# Ventless gas stove in basement



## Harley (Sep 22, 2006)

A co-worker of mine is looking to add some supplemental heat to the basement.  It is a finished basement, approximately 1,000 sf (we'll assume it was insulated under the drywall).  The heating for the main part of the house is forced hot air, fired by a natural gas furnace.  The basement is heated (sometimes) by electric baseboard.

So the question is... would a natural gas fired (preferably ventless) stove make sense to add additional heat in this part of the house, so as to make it more livable in the winter?  Also, any thoughts on the total costs of using this type of heater?  The temperature of the basement, if the electric heat is not used, probably stays at about 56 degrees during the colder months.


----------



## MountainStoveGuy (Sep 22, 2006)

i would never put anything that degrades air quality in place that already has poor air quality, like a basement.


----------



## Harley (Sep 22, 2006)

Good point, MSG... what about a vented system.... then which would generally be better... the B-vent, or direct vent?

By the way... he grew up in South Jersey... so I'm not sure air quality is one of his biggest concerns... :sick:


Not trying to offend anyone from the Garden State... that was actually his comment, not mine   :cheese:


----------



## MountainStoveGuy (Sep 22, 2006)

Direct vent, it can vent horizontally, and wont spill carbon monoxide, b vents can back draft just like wood stoves in basements.


----------



## BrotherBart (Sep 22, 2006)

A propane stove with a gas leak would smell like a refinery and make him home sick if he grew up down around Paulsboro.

As to B-Vent vs.
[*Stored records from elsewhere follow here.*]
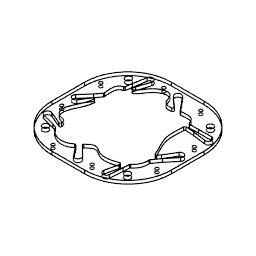
MidPlateShell_v29 (Autodesk Fusion 360 design; units mm, degrees)
Autodesk Fusion 360 part; units mm, degrees
(part 1 of 2)
sketch "Sketch1" plane through (0, 0, 0) normal (0, 0, 1) x (1, 0, 0)
  line L0 (-33.4, -17.4) -> (-33.4, 33.4) construction
  line L1 (-33.4, 33.4) -> (-27.4, 33.4) construction
  line L2 (-33.4, -17.4) -> (-36.4, -17.4)
  line L3 (-36.4, -17.4) -> (-36.4, -27.4)
  line L4 (-36.4, -27.4) -> (-33.4, -27.4)
  line L5 (-33.4, -27.4) -> (-33.4, -17.4)
  line L6 (-27.4, 33.4) -> (-17.4, 33.4)
  line L7 (-17.4, 33.4) -> (-17.4, 36.4)
  line L8 (-17.4, 36.4) -> (-27.4, 36.4)
  line L9 (-27.4, 36.4) -> (-27.4, 33.4)
  line L10 (-17.4, 33.4) -> (33.4, 33.4) construction
  line L11 (33.4, 33.4) -> (33.4, 27.4) construction
  line L12 (33.4, 27.4) -> (36.4, 27.4)
  line L13 (36.4, 27.4) -> (36.4, 17.4)
  line L14 (36.4, 17.4) -> (33.4, 17.4)
  line L15 (33.4, 17.4) -> (33.4, 27.4)
  line L16 (33.4, 17.4) -> (33.4, -33.4) construction
  line L17 (33.4, -33.4) -> (27.4, -33.4) construction
  line L18 (27.4, -33.4) -> (17.4, -33.4)
  line L19 (17.4, -33.4) -> (17.4, -36.4)
  line L20 (17.4, -36.4) -> (27.4, -36.4)
  line L21 (27.4, -36.4) -> (27.4, -33.4)
  line L22 (17.4, -33.4) -> (-33.4, -33.4) construction
  line L23 (-33.4, -33.4) -> (-33.4, -27.4) construction
  line L24 (33.4, 33.4) -> (-33.4, -33.4) construction
  line L25 (33.4, -33.4) -> (-33.4, 33.4) construction
  line L26 (55, -55) -> (-55, -55)
  line L27 (-55, -55) -> (-55, 55)
  line L28 (-55, 55) -> (55, 55)
  line L29 (55, 55) -> (55, -55)
  line L30 (55, -55) -> (-55, 55) construction
  line L31 (-55, -55) -> (55, 55) construction
  line L32 (-34.9, -17.4) -> (-34.9, -7.75) construction
  line L33 (-34.9, -7.75) -> (-38.15, -7.75) construction
  circle A0 centre (-38.15, -7.75) radius 1.25
  line L34 (-34.9, -27.4) -> (-34.9, -38.15) construction
  line L35 (-34.9, -38.15) -> (-37.75, -38.15) construction
  circle A1 centre (-37.75, -38.15) radius 1.25
  circle A2 centre (38.15, -37.75) radius 1.25
  circle A3 centre (7.75, -38.15) radius 1.25
  circle A4 centre (37.75, 38.15) radius 1.25
  circle A5 centre (38.15, 7.75) radius 1.25
  circle A6 centre (-38.15, 37.75) radius 1.25
  circle A7 centre (-7.75, 38.15) radius 1.25
  constraint vertical L0
  constraint perpendicular L0 L1
  constraint horizontal L2
  constraint vertical L3
  constraint horizontal L4
  constraint vertical L5
  constraint horizontal L6
  constraint vertical L7
  constraint horizontal L8
  constraint vertical L9
  constraint perpendicular L7 L10
  constraint perpendicular L10 L11
  constraint horizontal L12
  constraint vertical L13
  constraint horizontal L14
  constraint vertical L15
  constraint perpendicular L14 L16
  constraint perpendicular L16 L17
  constraint horizontal L18
  constraint vertical L19
  constraint horizontal L20
  constraint vertical L21
  constraint perpendicular L19 L22
  constraint coincident origin L24
  constraint coincident origin L25
  constraint horizontal L26
  constraint perpendicular L26 L27
  constraint parallel L26 L28
  constraint parallel L27 L29
  constraint coincident L30 origin
  constraint coincident L31 origin
  constraint midpoint L2 L32.start
  constraint perpendicular L2 L32
  constraint perpendicular L32 L33
  constraint coincident L33.end A0.centre
  constraint midpoint L4 L34.start
  constraint perpendicular L4 L34
  constraint perpendicular L34 L35
  constraint coincident L35.end A1.centre
  measures "d1" distance of L0.start L0.end
  measures "d2" distance of L0.end L1.end
  measures "d3" distance of L0.start L2.end
  measures "d4" distance of L0.start L4.end
  measures "d5" distance of L1.end L6.end
  measures "d6" distance of L1.end L8.end
  measures "d7" distance of L6.end L10.end
  measures "d8" distance of L10.end L11.end
  measures "d9" distance of L11.end L12.end
  measures "d10" distance of L11.end L14.end
  measures "d11" distance of L14.end L16.end
  measures "d12" distance of L16.end L17.end
  measures "d13" distance of L17.end L18.end
  measures "d14" distance of L17.end L20.end
  measures "d15" distance of L18.end L22.end
  measures "d16" distance of L27.end L28.end
  measures "d17" distance of L26.end L27.end
  measures "d22" distance of L32.start L32.end
  measures "d23" distance of L32.end L33.end
  measures "d24" diameter of A0
  measures "d25" distance of L34.start L34.end
  measures "d26" distance of L34.end L35.end
  measures "d27" diameter of A1
extrude "Extrude1" add sketch "Sketch1" along normal blind 3 contours L2 L3 L4 L5 | L6 L7 L8 L9 | L12 L13 L14 L15 | L18 L19 L20 L21 | L26 L27 L28 L29 | A0 | A1 | A2 | A3 | A4 | A5 | A6 | A7 picked at (-35.4, -24.066667) picked at (-24.066667, 35.4) picked at (34.4, 24.066667) picked at (20.733333, -34.4) picked at (-5.8, 11.133333) picked at (-38.302225, -8.262066) picked at (-38.630134, -38.247182) picked at (37.269866, -37.847182) picked at (7.417812, -38.501562) picked at (36.869866, 38.052818) picked at (37.997775, 7.237934) picked at (-39.030134, 37.652818) picked at (-8.082188, 37.798438)
fillet "Fillet1" radius 40 4 edges at (-55, 55, 1.5) (55, 55, 1.5) (55, -55, 1.5) (-55, -55, 1.5)
other "Sketch1 (1)"
sketch "sketch 2514" plane through (0, 0, 0) normal (0, 0, 1) x (1, 0, 0)
  line L0 (55, -55) -> (-55, -55)
  line L1 (-55, -55) -> (-55, 55)
  line L2 (-55, 55) -> (55, 55)
  line L3 (55, 55) -> (55, -55)
  circle A0 centre (-27, 47.000001) radius 3
  circle A1 centre (-1, 47.000001) radius 3
  circle A2 centre (-47.000001, -1) radius 3
  circle A3 centre (-47.000001, -27) radius 3
  circle A4 centre (3.826834, 9.238795) radius 2.1
  line L4 (3.826834, 9.238795) -> (0, 0) construction
  circle A5 centre (-3.826834, 9.238795) radius 2.1
  circle A6 centre (-9.238795, 3.826834) radius 2.1
  circle A7 centre (-9.238795, -3.826834) radius 2.1
  circle A8 centre (-3.826834, -9.238795) radius 2.1
  circle A9 centre (3.826834, -9.238795) radius 2.1
  circle A10 centre (9.238795, -3.826834) radius 2.1
  circle A11 centre (9.238795, 3.826834) radius 2.1
  circle A12 centre (-47.000001, -27) radius 3
  circle A13 centre (-47.000001, -1) radius 3
  circle A14 centre (27, -47.000001) radius 3
  circle A15 centre (1, -47.000001) radius 3
  circle A16 centre (47.000001, 27) radius 3
  circle A17 centre (47.000001, 1) radius 3
  line L5 (3.826834, 9.238795) -> (-7.355951, 51.448425) construction
  line L6 (-3.826709, 9.238713) -> (-39.148117, 32.338774) construction
  line L7 (-9.224092, 3.83023) -> (-38.107832, -2.83954) construction
  line L8 (-9.238692, -3.826753) -> (-45.731263, -32.409069) construction
  line L9 (-3.841818, -9.257167) -> (-24.537186, -34.631992) construction
  line L10 (3.826834, -9.238795) -> (20.713135, -35.705512) construction
  line L11 (9.238772, -3.82683) -> (32.789694, -8.144866) construction
  line L12 (9.238795, 3.826834) -> (22.419532, 22.467528) construction
  line L13 (0, 0) -> (0, 3) construction
  line L14 (-38.107832, -2.83954) -> (1, -47.000001) construction
  line L15 (32.789694, -8.144866) -> (27, -47.000001) construction
  line L16 (20.713135, -35.705512) -> (47.000001, 1) construction
  line L17 (-39.148117, 32.338774) -> (47.000001, 27) construction
  line L18 (22.419532, 22.467528) -> (-1, 47.000001) construction
  line L19 (-45.731263, -32.409069) -> (-27, 47.000001) construction
  line L20 (-24.537186, -34.631992) -> (-47.000001, -27) construction
  line L21 (-7.355951, 51.448425) -> (-47.000001, -1) construction
  circle A18 centre (-26.92648, -6.415459) radius 6 construction
  circle A19 centre (-26.552885, -27.610279) radius 6 construction
  circle A20 centre (21, -25) radius 6 construction
  circle A21 centre (26, -13) radius 6 construction
  circle A22 centre (14.668303, 21.897871) radius 6 construction
  circle A23 centre (-10, 38.000001) radius 6 construction
  circle A24 centre (-16.884287, 24.947529) radius 6 construction
  circle A25 centre (-35.96441, -17.137991) radius 6 construction
  line L22 (-1.27632, 20.300794) -> (2.783612, 21.37641)
  line L23 (-1.27632, 20.300794) -> (1.796868, 8.700987) construction
  line L24 (2.783612, 21.37641) -> (5.8568, 9.776603) construction
  line L25 (-15.019188, 14.049327) -> (-12.720372, 17.564358)
  line L26 (-20.458615, -0.919284) -> (-21.403603, 3.173026)
  line L27 (-19.980867, -9.572955) -> (-17.391085, -12.879468)
  line L28 (-13.038601, -17.210832) -> (-9.783844, -19.865367)
  line L29 (8.510904, -20.484661) -> (12.051623, -18.22561)
  line L30 (21.420761, -3.925379) -> (20.663322, -8.056515)
  line L31 (14.452267, 14.837271) -> (17.881573, 12.412427)
  line L32 (-12.720372, 17.564358) -> (-2.677426, 10.996311) construction
  line L33 (-15.019188, 14.049327) -> (-4.976243, 7.48128) construction
  line L34 (-21.403603, 3.173026) -> (-9.711289, 5.872989) construction
  line L35 (-20.458615, -0.919284) -> (-8.766302, 1.780679) construction
  line L36 (-19.980867, -9.572955) -> (-10.533686, -2.173578) construction
  line L37 (-17.391085, -12.879468) -> (-7.943904, -5.480091) construction
  line L38 (-9.783844, -19.865367) -> (-2.199456, -10.566063) construction
  line L39 (-13.038601, -17.210832) -> (-5.454213, -7.911527) construction
  line L40 (12.051623, -18.22561) -> (5.597194, -8.10927) construction
  line L41 (8.510904, -20.484661) -> (2.056475, -10.368321) construction
  line L42 (20.663322, -8.056515) -> (8.860076, -5.892402) construction
  line L43 (21.420761, -3.925379) -> (9.617515, -1.761266) construction
  line L44 (14.452267, 14.837271) -> (7.524143, 5.039256) construction
  line L45 (17.881573, 12.412427) -> (10.953448, 2.614413) construction
  line L46 (26.691493, -34.821543) -> (30.845628, -35.440539)
  line L47 (-8.527907, -39.408625) -> (-5.383635, -36.624105)
  line L48 (-34.962331, -28.872033) -> (-36.313471, -32.848768)
  line L49 (-41.439374, 9.839254) -> (-38.088834, 7.30669)
  line L50 (-31.798898, 35.802654) -> (-27.711083, 34.838407)
  line L51 (5.767132, 36.870049) -> (8.805091, 39.770188)
  line L52 (35.15287, 29.83822) -> (34.893086, 25.646262)
  line L53 (38.305738, -7.533451) -> (41.720395, -9.978878)
  line L54 (30.845628, -35.440539) -> (29.992153, -47.216854)
  line L55 (26.691493, -34.821543) -> (24.074611, -46.335098)
  line L56 (-5.383635, -36.624105) -> (3.089335, -44.84717)
  line L57 (-8.527907, -39.408625) -> (-1.389663, -48.813702)
  line L58 (-34.962331, -28.872033) -> (-45.823197, -24.240447)
  line L59 (-36.313471, -32.848768) -> (-47.747888, -29.90528)
  line L60 (-41.439374, 9.839254) -> (-49.249836, 0.9845)
  line L61 (-38.088834, 7.30669) -> (-44.477012, -2.623123)
  line L62 (-27.711083, 34.838407) -> (-24.140467, 46.09277)
  line L63 (-31.798898, 35.802654) -> (-29.963534, 47.466334)
  line L64 (8.805091, 39.770188) -> (1.320176, 48.901784)
  line L65 (5.767132, 36.870049) -> (-3.007378, 44.770554)
  line L66 (35.15287, 29.83822) -> (46.958966, 29.99972)
  line L67 (34.893086, 25.646262) -> (46.588905, 24.0283)
  line L68 (41.720395, -9.978878) -> (49.300203, -0.925894)
  line L69 (38.305738, -7.533451) -> (44.436043, 2.557602)
  circle A26 centre (-10, 38.000001) radius 1.5
  circle A27 centre (-17, 25) radius 1.5
  circle A28 centre (14.668303, 21.897871) radius 1.5
  circle A29 centre (-26.92648, -6.415459) radius 1.5
  circle A30 centre (-36.000001, -17) radius 1.5
  circle A31 centre (-26.552885, -27.610279) radius 1.5
  circle A32 centre (21, -25) radius 1.5
  circle A33 centre (26, -13) radius 1.5
  line L70 (-13.86978, 15.806842) -> (-3.826834, 9.238795) construction
  line L71 (0.753646, 20.838602) -> (3.826834, 9.238795) construction
  line L72 (9.238795, 3.826834) -> (16.16692, 13.624849) construction
  line L73 (9.238795, -3.826834) -> (21.042041, -5.990947) construction
  line L74 (3.826834, -9.238795) -> (10.281264, -19.355135) construction
  line L75 (-3.841818, -9.257167) -> (-11.411222, -18.5381) construction
  line L76 (-9.238795, -3.826834) -> (-18.685976, -11.226211) construction
  line L77 (-9.224092, 3.83023) -> (-20.931109, 1.126871) construction
  line L78 (-11.034179, 9.172896) -> (-6.655482, 15.868194) construction
  line L79 (-15.977588, 6.375988) -> (-14.177613, -1.418888) construction
  line L80 (-16.428845, -4.377463) -> (-11.495926, -10.675583) construction
  line L81 (-10.726288, -11.369504) -> (-4.526752, -16.425763) construction
  line L82 (3.681936, -16.448442) -> (10.426163, -12.145489) construction
  line L83 (15.861789, -0.974475) -> (14.419048, -8.843306) construction
  line L84 (9.436853, 11.035216) -> (15.968862, 6.416467) construction
  line L85 (-1.576362, 14.014302) -> (6.156842, 16.063095) construction
  line L86 (-7.91085, 16.689199) -> (-5.400113, 15.047188)
  line L87 (5.772694, 17.513071) -> (6.540991, 14.613119)
  line L88 (-1.960511, 15.464278) -> (-1.192214, 12.564327)
  line L89 (-12.289548, 9.993902) -> (-9.778811, 8.35189)
  line L90 (-17.439128, 6.038493) -> (-14.516049, 6.713484)
  line L91 (-15.639152, -1.756383) -> (-12.716074, -1.081392)
  line L92 (-17.609742, -5.302385) -> (-15.247947, -3.452541)
  line L93 (-12.676824, -11.600505) -> (-10.315029, -9.750661)
  line L94 (-11.674336, -12.531917) -> (-9.778239, -10.207091)
  line L95 (-5.4748, -17.588176) -> (-3.578703, -15.26335)
  line L96 (2.875132, -15.183899) -> (4.488739, -17.712984)
  line L97 (9.619359, -10.880946) -> (11.232966, -13.410031)
  line L98 (12.943642, -8.572792) -> (15.894453, -9.11382)
  line L99 (14.386383, -0.703961) -> (17.337195, -1.244989)
  line L100 (16.834878, 7.641219) -> (15.102847, 5.191715)
  line L101 (10.302868, 12.259968) -> (8.570837, 9.810465)
  line L102 (5.772694, 17.513071) -> (3.936058, 17.026482)
  line L103 (6.540991, 14.613119) -> (4.704355, 14.126531)
  line L104 (-1.960511, 15.464278) -> (-0.123875, 15.950866)
  line L105 (-1.192214, 12.564327) -> (0.644422, 13.050915)
  line L106 (-7.91085, 16.689199) -> (-8.881368, 15.053664)
  line L107 (-5.400113, 15.047188) -> (-6.440054, 13.457055)
  line L108 (-12.289548, 9.993902) -> (-11.249607, 11.584035)
  line L109 (-9.778811, 8.35189) -> (-8.73887, 9.942024)
  line L110 (-17.439128, 6.038493) -> (-17.011633, 4.18721)
  line L111 (-14.516049, 6.713484) -> (-14.088555, 4.862201)
  line L112 (-12.716074, -1.081392) -> (-13.143568, 0.769891)
  line L113 (-15.639152, -1.756383) -> (-16.066646, 0.0949)
  line L114 (-15.247947, -3.452541) -> (-14.076379, -4.948344)
  line L115 (-17.609742, -5.302385) -> (-16.438174, -6.798188)
  line L116 (-10.315029, -9.750661) -> (-11.486597, -8.254857)
  line L117 (-12.676824, -11.600505) -> (-13.848392, -10.104702)
  line L118 (-9.778239, -10.207091) -> (-8.30585, -11.407952)
  line L119 (-11.674336, -12.531917) -> (-10.201947, -13.732778)
  line L120 (-3.578703, -15.26335) -> (-5.051093, -14.062488)
  line L121 (-5.4748, -17.588176) -> (-6.94719, -16.387314)
  line L122 (2.875132, -15.183899) -> (4.476886, -14.161948)
  line L123 (4.488739, -17.712984) -> (6.090493, -16.691033)
  line L124 (11.232966, -13.410031) -> (9.631212, -14.431983)
  line L125 (9.619359, -10.880946) -> (8.017605, -11.902898)
  line L126 (15.894453, -9.11382) -> (16.237104, -7.244973)
  line L127 (12.943642, -8.572792) -> (13.286293, -6.703945)
  line L128 (17.337195, -1.244989) -> (16.994544, -3.113837)
  line L129 (14.386383, -0.703961) -> (14.043732, -2.572808)
  line L130 (16.834878, 7.641219) -> (15.283526, 8.738172)
  line L131 (15.102847, 5.191715) -> (13.551495, 6.288668)
  line L132 (8.570837, 9.810465) -> (10.12219, 8.713512)
  line L133 (10.302868, 12.259968) -> (11.854221, 11.163015)
  line L134 (-6.955771, -38.016365) -> (1, -47.000001) construction
  line L135 (27, -47.000001) -> (28.76856, -35.131041) construction
  line L136 (47.000001, 1) -> (40.013067, -8.756165) construction
  line L137 (47.000001, 27) -> (35.022978, 27.742241) construction
  line L138 (-1, 47.000001) -> (7.286111, 38.320118) construction
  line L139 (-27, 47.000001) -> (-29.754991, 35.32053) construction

Direct Vent I am going to pull up a six pack and watch the action. I have wondered for a long time why a bazillion natural vent wood stoves are great but natural venting a gas stove is not.


----------



## Harley (Sep 22, 2006)

BB:

Actually still at work here, and now are doing the same thing (pulling up a six pack).  The Paulsboro reference did get a chuckle out of him... never been to the area myself.

So... going back to the original question.... as far as saving cost for heating from electric, and making the living space more comfortable and usable, and having a source of natural gas pretty available....  does it make sense to use a gas stove?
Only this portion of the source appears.